→ YOUR OBJECTIVE:
Go through the entries below and tally the lines holding "perpendicular"; please reply with the number only.

→ GIVEN RECORDS:
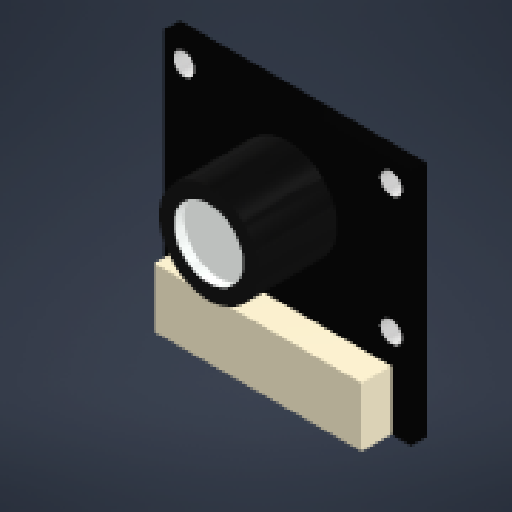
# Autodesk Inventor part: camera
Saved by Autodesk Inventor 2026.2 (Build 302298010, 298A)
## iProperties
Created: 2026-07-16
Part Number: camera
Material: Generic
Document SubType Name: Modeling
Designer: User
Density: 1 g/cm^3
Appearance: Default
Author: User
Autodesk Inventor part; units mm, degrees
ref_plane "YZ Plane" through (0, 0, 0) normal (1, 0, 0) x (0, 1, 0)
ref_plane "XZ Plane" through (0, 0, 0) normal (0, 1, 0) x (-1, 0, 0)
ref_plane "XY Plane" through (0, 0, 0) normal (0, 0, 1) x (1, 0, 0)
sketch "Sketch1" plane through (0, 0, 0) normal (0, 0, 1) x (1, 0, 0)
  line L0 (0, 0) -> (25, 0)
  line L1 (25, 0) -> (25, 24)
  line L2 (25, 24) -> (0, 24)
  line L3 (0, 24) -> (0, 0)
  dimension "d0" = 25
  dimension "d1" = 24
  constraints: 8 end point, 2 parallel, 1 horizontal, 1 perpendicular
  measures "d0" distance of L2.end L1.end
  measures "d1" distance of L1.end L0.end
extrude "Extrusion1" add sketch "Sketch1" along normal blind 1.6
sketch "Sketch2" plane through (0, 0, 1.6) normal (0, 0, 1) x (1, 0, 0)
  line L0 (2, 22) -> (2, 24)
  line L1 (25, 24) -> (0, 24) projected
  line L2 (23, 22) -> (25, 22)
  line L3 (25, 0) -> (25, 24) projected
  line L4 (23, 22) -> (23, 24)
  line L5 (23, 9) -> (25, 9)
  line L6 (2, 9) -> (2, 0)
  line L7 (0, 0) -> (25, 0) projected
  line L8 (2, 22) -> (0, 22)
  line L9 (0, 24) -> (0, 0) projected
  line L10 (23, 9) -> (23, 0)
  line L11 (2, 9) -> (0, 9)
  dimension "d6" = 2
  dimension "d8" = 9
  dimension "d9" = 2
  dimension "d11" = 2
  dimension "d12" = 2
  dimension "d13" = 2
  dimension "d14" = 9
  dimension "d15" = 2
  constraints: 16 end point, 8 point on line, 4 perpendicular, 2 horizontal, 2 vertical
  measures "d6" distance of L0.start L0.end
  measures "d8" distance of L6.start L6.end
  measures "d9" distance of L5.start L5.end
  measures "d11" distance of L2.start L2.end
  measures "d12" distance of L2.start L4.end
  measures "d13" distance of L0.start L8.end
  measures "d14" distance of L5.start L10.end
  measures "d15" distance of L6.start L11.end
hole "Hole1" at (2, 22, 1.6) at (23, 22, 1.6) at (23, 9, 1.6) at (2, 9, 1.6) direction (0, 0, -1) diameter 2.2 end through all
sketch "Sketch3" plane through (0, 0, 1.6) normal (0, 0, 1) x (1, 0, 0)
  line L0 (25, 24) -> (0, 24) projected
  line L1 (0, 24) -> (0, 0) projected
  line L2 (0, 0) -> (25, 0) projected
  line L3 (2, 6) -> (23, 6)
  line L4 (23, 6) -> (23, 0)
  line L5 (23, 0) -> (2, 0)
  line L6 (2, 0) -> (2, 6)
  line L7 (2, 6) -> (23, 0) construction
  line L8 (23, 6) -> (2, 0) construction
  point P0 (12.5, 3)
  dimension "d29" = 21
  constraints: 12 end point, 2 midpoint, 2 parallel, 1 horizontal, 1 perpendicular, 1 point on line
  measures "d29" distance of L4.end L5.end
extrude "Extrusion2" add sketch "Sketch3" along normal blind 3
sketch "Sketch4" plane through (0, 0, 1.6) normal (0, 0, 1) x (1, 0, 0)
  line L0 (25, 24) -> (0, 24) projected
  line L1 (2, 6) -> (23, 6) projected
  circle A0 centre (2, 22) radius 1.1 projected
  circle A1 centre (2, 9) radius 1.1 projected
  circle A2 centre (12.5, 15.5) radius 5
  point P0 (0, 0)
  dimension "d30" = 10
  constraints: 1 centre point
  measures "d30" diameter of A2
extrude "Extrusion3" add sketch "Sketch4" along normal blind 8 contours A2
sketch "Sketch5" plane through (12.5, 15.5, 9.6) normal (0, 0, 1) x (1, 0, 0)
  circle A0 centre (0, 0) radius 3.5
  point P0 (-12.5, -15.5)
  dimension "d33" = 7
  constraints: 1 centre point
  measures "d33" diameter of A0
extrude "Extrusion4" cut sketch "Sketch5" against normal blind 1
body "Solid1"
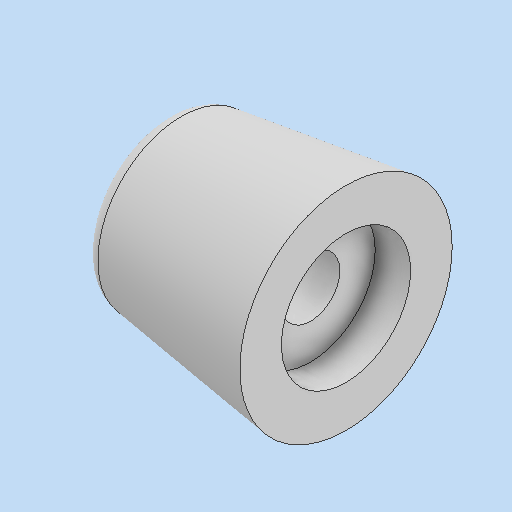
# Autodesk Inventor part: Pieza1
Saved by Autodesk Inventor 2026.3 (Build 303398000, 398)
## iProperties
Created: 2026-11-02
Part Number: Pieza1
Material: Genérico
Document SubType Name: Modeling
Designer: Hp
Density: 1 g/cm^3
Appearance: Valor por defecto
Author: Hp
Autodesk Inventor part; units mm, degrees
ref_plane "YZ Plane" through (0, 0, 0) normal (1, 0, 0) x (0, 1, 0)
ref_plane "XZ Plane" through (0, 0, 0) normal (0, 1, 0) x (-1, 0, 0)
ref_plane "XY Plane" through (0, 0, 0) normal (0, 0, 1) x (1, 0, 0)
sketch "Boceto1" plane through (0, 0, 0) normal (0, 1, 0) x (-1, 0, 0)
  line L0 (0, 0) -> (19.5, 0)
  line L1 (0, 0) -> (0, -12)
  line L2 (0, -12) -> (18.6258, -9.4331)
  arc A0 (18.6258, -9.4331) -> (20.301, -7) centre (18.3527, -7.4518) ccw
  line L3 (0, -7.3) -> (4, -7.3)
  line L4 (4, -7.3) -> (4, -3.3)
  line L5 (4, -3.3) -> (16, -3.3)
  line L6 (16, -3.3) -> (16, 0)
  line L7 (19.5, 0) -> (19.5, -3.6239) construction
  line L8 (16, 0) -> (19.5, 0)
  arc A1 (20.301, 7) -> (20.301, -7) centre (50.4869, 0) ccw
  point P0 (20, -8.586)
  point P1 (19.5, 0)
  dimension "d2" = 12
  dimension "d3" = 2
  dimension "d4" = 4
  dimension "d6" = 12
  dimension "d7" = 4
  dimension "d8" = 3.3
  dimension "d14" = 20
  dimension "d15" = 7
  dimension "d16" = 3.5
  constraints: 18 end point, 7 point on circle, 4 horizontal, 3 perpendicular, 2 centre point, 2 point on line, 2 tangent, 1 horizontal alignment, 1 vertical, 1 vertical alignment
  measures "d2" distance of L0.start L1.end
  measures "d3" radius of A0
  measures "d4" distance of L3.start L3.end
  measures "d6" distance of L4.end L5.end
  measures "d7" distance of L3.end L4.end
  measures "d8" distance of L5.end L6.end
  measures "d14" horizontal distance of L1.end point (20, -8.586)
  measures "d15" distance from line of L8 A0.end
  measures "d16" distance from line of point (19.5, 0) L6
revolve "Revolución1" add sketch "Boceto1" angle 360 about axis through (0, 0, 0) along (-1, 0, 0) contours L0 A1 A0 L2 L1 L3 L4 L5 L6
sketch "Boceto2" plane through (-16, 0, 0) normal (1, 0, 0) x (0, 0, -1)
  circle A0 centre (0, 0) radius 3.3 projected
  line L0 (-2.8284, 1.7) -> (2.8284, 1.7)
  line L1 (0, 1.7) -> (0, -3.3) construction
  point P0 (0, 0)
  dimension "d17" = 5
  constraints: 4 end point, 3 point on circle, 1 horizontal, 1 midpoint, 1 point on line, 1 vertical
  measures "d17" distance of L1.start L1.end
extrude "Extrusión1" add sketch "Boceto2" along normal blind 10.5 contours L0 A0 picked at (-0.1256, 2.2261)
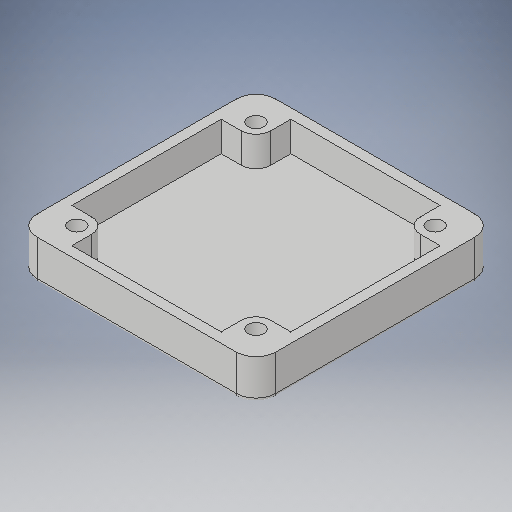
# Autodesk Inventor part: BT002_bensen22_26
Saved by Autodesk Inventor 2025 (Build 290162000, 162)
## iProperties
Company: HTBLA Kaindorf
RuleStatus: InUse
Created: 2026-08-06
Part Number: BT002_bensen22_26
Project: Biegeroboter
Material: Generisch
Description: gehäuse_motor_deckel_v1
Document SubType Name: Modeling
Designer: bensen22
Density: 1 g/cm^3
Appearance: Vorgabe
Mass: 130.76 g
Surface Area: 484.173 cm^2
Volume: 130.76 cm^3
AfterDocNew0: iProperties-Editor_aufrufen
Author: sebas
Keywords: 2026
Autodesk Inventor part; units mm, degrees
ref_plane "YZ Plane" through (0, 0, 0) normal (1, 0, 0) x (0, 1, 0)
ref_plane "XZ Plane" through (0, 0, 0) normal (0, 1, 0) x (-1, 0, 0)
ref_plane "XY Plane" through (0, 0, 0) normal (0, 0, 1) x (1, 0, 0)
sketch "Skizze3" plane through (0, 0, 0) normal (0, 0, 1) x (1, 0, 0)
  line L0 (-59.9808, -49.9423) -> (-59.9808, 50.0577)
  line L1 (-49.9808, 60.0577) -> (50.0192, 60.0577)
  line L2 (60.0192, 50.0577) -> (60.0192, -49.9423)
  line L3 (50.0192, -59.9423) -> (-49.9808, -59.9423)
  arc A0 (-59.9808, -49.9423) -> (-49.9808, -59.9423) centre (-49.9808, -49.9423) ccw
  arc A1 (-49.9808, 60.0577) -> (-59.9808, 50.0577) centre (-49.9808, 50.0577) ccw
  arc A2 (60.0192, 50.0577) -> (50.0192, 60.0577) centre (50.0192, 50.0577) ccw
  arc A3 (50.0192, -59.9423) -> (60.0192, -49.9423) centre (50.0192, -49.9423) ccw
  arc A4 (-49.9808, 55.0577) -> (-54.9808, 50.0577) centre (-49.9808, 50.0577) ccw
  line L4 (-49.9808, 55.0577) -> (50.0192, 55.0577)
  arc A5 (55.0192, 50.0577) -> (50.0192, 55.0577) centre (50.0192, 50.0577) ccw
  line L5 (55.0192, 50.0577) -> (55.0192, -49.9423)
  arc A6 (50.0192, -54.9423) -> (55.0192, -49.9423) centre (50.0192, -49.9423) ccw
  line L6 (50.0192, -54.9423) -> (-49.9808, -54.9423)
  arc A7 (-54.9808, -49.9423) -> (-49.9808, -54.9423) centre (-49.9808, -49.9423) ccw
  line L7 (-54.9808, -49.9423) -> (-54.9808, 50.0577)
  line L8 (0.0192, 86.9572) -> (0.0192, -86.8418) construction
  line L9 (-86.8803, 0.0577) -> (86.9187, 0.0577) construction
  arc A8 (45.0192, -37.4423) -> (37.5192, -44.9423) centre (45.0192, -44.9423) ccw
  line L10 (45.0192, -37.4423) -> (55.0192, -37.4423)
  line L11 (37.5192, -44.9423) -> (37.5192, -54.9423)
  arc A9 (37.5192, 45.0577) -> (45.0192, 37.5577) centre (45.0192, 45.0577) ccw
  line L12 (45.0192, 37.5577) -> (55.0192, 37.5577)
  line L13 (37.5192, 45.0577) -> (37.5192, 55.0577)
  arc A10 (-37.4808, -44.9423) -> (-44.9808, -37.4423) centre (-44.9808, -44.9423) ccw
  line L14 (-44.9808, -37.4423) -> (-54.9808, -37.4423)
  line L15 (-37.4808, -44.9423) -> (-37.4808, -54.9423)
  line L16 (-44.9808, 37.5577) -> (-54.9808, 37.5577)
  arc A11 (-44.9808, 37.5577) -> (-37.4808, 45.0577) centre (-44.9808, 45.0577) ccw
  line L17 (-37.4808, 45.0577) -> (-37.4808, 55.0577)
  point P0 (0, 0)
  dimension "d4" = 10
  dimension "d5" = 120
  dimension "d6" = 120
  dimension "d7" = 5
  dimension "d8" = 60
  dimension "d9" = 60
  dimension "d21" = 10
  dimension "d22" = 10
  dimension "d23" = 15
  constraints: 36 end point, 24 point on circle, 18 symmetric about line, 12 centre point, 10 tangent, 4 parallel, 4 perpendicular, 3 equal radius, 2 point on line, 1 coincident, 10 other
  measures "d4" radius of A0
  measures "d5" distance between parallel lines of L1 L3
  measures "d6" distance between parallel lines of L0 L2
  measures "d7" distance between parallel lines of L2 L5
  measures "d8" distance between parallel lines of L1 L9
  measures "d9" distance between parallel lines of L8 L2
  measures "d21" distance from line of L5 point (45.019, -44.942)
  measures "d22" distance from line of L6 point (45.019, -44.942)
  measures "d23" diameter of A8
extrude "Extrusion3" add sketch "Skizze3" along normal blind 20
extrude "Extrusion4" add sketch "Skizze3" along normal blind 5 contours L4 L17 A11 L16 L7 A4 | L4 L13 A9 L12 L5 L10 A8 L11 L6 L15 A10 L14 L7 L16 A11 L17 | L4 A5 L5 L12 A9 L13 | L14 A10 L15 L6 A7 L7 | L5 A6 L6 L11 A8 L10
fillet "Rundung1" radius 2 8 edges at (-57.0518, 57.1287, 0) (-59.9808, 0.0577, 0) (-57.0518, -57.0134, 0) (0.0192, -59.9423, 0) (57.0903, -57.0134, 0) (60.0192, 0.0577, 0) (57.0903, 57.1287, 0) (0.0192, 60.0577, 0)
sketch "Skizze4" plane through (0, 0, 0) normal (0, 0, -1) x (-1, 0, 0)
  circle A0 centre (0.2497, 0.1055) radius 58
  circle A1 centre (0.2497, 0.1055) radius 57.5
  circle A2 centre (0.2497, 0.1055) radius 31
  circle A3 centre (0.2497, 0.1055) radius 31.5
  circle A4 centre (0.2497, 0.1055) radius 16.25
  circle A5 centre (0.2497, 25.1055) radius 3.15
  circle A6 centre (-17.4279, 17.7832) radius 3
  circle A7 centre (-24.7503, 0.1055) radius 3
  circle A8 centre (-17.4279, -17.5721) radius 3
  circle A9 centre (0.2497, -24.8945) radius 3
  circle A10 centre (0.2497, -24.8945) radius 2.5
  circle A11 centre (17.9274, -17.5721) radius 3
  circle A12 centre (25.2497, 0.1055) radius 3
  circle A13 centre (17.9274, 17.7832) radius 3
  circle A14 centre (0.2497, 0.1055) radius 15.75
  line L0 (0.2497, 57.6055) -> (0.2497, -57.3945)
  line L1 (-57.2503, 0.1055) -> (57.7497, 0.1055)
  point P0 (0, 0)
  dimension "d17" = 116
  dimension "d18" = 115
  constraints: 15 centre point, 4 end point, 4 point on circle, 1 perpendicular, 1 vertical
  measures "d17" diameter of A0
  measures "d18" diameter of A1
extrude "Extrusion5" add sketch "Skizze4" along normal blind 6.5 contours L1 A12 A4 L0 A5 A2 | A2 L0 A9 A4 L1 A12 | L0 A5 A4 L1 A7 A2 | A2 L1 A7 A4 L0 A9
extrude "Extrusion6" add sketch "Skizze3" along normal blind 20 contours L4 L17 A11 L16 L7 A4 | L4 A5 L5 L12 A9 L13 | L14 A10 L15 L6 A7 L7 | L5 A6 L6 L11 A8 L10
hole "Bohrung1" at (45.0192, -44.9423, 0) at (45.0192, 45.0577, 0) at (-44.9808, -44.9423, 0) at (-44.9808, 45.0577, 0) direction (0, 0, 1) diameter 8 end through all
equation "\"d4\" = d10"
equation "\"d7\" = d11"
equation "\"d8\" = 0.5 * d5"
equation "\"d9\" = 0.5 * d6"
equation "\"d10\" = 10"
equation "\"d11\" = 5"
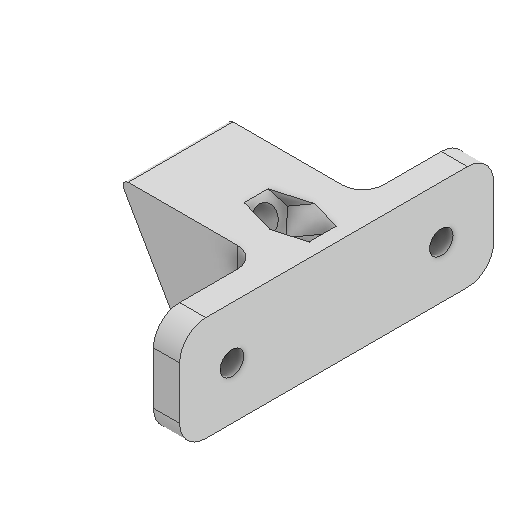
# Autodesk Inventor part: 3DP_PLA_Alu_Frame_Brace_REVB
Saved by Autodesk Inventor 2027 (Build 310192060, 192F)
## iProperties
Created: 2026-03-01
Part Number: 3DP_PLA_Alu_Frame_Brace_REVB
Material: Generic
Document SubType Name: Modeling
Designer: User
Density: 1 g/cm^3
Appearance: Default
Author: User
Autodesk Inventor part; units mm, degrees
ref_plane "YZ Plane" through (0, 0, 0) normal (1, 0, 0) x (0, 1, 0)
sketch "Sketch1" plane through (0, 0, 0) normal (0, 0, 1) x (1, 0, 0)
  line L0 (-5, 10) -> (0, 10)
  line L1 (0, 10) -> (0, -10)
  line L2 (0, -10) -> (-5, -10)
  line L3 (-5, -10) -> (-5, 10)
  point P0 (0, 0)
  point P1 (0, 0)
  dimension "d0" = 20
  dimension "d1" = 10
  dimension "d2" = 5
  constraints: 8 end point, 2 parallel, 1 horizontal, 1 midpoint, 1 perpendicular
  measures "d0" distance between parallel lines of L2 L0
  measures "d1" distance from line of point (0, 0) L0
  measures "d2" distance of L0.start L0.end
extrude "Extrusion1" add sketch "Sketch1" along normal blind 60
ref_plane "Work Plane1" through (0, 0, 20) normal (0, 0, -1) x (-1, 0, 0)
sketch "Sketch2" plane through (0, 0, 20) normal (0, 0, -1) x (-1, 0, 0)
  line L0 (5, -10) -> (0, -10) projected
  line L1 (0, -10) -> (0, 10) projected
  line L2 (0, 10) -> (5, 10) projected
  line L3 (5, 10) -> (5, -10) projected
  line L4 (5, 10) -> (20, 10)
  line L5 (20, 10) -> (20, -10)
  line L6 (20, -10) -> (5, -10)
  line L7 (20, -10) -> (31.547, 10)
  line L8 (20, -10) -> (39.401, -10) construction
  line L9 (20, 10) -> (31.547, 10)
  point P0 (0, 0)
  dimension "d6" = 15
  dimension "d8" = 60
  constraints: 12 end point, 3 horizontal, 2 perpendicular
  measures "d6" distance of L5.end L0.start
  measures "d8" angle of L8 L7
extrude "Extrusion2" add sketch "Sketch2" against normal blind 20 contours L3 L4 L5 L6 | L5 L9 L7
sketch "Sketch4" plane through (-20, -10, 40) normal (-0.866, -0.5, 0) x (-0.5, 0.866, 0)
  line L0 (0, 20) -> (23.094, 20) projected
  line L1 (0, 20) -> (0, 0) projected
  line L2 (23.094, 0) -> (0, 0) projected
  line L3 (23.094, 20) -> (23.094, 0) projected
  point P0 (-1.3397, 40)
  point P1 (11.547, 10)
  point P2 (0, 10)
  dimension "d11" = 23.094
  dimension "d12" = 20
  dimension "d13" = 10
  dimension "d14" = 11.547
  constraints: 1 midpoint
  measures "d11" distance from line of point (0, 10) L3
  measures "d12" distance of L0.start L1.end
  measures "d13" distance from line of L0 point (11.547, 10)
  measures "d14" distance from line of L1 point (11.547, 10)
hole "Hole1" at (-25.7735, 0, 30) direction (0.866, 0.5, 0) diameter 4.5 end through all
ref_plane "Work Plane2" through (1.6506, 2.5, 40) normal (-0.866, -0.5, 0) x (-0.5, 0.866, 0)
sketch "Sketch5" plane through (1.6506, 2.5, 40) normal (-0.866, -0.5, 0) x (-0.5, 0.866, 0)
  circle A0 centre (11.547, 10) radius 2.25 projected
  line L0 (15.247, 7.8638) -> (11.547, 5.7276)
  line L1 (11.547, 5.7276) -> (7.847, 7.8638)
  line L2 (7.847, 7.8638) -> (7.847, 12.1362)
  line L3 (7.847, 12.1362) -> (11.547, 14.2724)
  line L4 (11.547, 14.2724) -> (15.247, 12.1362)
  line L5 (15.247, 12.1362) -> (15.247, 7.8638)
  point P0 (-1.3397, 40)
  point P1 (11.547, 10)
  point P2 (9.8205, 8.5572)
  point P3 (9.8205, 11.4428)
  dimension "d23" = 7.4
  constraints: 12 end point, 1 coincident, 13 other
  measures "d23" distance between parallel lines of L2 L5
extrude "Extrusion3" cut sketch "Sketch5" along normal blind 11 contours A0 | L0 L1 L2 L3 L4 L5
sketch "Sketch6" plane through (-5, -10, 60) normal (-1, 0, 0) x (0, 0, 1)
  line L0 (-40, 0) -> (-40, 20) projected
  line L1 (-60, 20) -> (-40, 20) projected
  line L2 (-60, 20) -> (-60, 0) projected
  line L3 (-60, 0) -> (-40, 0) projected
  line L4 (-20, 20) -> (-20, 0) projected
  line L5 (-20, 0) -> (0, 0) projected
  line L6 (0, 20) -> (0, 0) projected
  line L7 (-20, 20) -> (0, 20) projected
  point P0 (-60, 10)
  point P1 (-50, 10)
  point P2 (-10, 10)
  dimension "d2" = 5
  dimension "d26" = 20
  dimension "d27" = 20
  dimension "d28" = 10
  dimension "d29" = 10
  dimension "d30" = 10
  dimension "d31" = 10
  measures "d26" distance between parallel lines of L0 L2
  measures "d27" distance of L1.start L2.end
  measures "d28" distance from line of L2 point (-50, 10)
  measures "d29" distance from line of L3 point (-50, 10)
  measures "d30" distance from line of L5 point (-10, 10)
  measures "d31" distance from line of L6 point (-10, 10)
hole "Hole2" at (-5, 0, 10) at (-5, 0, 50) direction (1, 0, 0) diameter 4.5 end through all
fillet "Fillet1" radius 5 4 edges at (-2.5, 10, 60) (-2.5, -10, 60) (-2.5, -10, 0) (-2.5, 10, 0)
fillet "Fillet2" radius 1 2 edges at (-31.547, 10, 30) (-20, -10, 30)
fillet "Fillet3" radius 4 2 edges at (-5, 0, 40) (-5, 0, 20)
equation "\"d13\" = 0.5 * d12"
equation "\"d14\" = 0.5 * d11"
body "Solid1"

→ ANSWER:
8